Размер шрифта
-
+

Князь Пустоты. Книга первая. Тьма прежних времен - стр. 15

Этот не похож на Левета. Совсем не похож.

И снова шум ледяного дождя, мало-помалу впаивающего убитых в снег.

– Не следует ли тебе, смертный, бояться меня, зная, кто я таков? Ведь страх – тоже сила. Способность выживать.

Незнакомец начал обходить Келлхуса, аккуратно переступая через раскинувшиеся по снегу конечности шранков.

– Вот что разделяет ваш род и мой! Страх. Цепкое, хваткое стремление выжить. Для нас жизнь – это всегда… решение. А для вас… Ну, скажем так: это жизнь решает за вас.

На это Келлхус наконец ответил:

– Что ж, тогда, видимо, решение за тобой.

Незнакомец помолчал и печально откликнулся:

– А-а, насмешка. Это у нас как раз общее.

Выпад Келлхуса был преднамеренным, но цели он не достиг – или, по крайней мере, так казалось поначалу. Незнакомец внезапно опустил свое невидимое лицо и помотал головой, бормоча:

– Оно смеется надо мной! Смертный надо мной смеется… Что же мне это напоминает, что же?..

Он принялся перебирать складки своего плаща и наконец нашел одно изуродованное лицо.

– Вот этого! О, наглец! Встреча с ним была настоящим удовольствием. Да, я помню…

Он взглянул на Келлхуса и прошипел:

– Я – помню!

И Келлхус постиг основные принципы этой встречи. «Нелюдь. Еще один миф Левета, оказавшийся правдой».

Незнакомец обнажил свой длинный меч, медленно и торжественно. Меч неестественно сверкал во мраке, как будто клинок отражал свет некоего нездешнего солнца. Затем незнакомец обернулся к одному из мертвых шранков и перекатил труп на спину с помощью меча. Белая кожа шранка уже начала темнеть.

– Вот этот шранк – его имени ты все равно не выговоришь – был нашим «элью», ты на своем языке назвал бы это «книгой». Чрезвычайно преданное животное. Мне его будет очень не хватать – ну, по крайней мере, некоторое время.

Он окинул взглядом остальных мертвецов.

– Мерзкие, жестокие твари на самом деле.

Он снова перевел взгляд на Келлхуса.

– Но очень… запоминающиеся.

Это начало. Келлхус решил прощупать почву.

– Так опуститься! – сказал он. – Ты сделался жалок.

– Это ты меня жалеешь? Пес осмеливается жалеть меня?

Нелюдь хрипло расхохотался.

– Анасуримбор меня жалеет! Ну да, еще бы… Ка’кунурой соук ки’элью, соук хус’йихла!

Он сплюнул, повел мечом, указывая на трупы.

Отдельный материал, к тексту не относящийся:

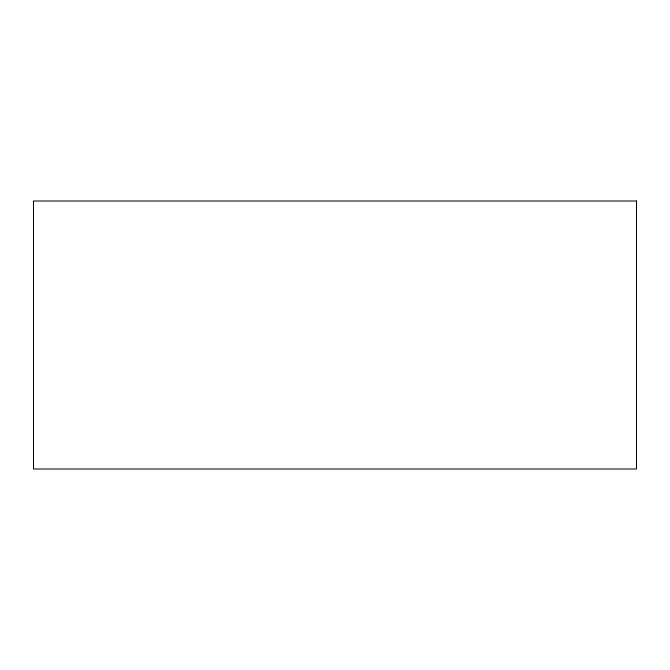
<?xml version="1.0" encoding="UTF-8"?>
<svg xmlns="http://www.w3.org/2000/svg" width="670" height="670" viewBox="0 0 670 670"><rect width="100%" height="100%" fill="white"/><g stroke="black" fill="none" stroke-linecap="round" stroke-linejoin="round"><path stroke-width="1" d="M636.5 201L33.5 201L33.5 469L636.5 469L636.5 201"/></g></svg>

– Теперь эти… эти шранки – наши дети. Но прежде! Прежде нашими детьми были вы. У нас вырвали сердце, мы пестовали ваши сердца. Спутники «великих» норсирайских королей.

Нелюдь подступил ближе.

– Но теперь – нет, – продолжал он. – С ходом веков многим из нас захотелось иметь нечто большее, чем ваши ребяческие перепалки, о которых и вспомнить-то нечего. Многим из нас захотелось более изысканного зверства, чем все, что могли предложить ваши войны. Это великое проклятие нашего рода – знаешь ли ты об этом? Конечно, знаешь! Какой раб упустит случай порадоваться слабости господина?

Ветер взметнул его древний плащ. Нелюдь сделал еще шаг.

– Однако я оправдываюсь, как будто человек! Утрата есть вечный неписаный закон земли. Мы – всего лишь напоминание о нем, пусть и самое трагическое.

Нелюдь направил острие меча на Келлхуса. Тот встал в боевую стойку, его собственный кривой клинок замер у него над головой.

И вновь безмолвие, на сей раз – смертельное.

– Я – воитель многих веков, Анасуримбор. Очень многих. Тысячи сердец пронзил мой нимиль. Я сражался и против Не-бога, и за него в тех великих войнах, которые превратили эту землю в пустыню. Я брал приступом укрепления великого Голготтерата, я видел, как сердца верховных королей разрывались от ярости!